» **WHAT IS NEEDED**
Pull out every line with the word "pico" from the entries below.

» **ENTRIES PROVIDED**
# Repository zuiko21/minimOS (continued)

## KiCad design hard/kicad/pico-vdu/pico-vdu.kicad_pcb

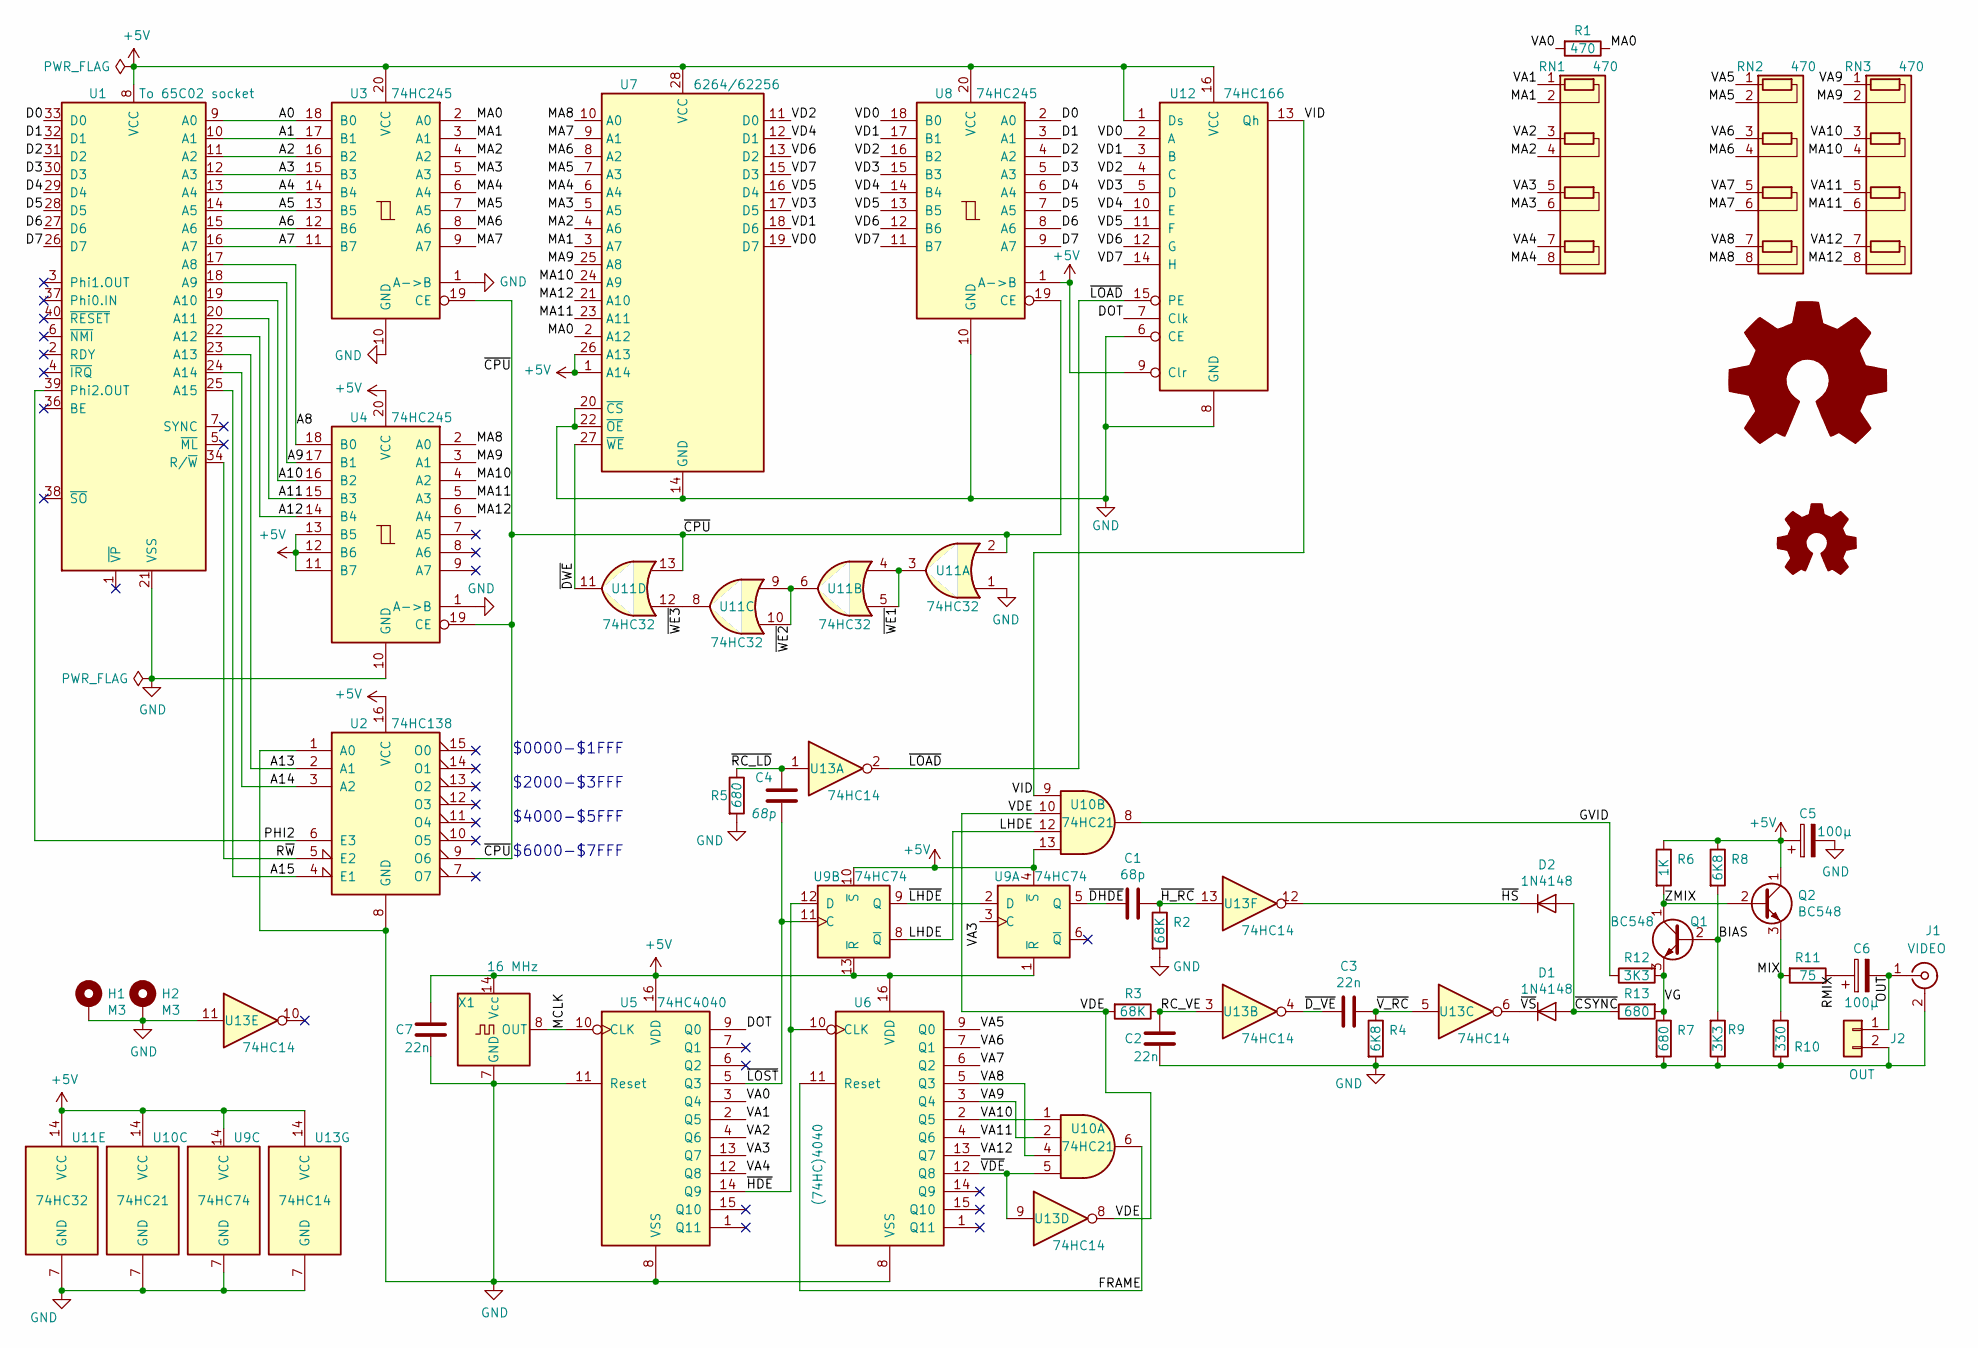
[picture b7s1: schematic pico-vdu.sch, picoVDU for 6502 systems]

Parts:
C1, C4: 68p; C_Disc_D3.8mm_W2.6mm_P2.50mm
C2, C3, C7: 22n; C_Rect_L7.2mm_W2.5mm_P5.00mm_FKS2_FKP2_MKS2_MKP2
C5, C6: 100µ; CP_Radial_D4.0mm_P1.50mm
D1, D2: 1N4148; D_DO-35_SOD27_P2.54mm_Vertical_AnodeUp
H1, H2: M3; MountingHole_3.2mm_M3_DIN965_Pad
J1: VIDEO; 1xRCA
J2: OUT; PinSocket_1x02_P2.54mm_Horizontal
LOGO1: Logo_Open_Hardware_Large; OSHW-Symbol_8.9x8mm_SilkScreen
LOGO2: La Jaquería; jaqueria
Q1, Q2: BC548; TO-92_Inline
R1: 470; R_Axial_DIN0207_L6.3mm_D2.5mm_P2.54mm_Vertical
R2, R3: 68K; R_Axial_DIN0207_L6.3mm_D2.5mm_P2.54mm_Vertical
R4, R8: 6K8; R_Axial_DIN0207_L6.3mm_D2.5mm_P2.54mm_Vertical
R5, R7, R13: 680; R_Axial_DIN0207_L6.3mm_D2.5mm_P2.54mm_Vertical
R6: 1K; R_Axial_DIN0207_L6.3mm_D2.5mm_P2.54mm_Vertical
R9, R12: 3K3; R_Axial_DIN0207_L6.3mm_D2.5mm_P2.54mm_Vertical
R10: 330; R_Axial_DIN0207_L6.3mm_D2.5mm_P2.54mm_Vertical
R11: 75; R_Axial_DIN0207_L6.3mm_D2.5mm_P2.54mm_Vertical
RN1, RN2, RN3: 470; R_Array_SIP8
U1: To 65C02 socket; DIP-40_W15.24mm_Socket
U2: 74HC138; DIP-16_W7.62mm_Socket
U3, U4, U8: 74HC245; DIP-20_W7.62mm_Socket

» **ANSWER SECTION**
## KiCad design hard/kicad/pico-vdu/pico-vdu.kicad_pcb
[picture b7s1: schematic pico-vdu.sch, picoVDU for 6502 systems]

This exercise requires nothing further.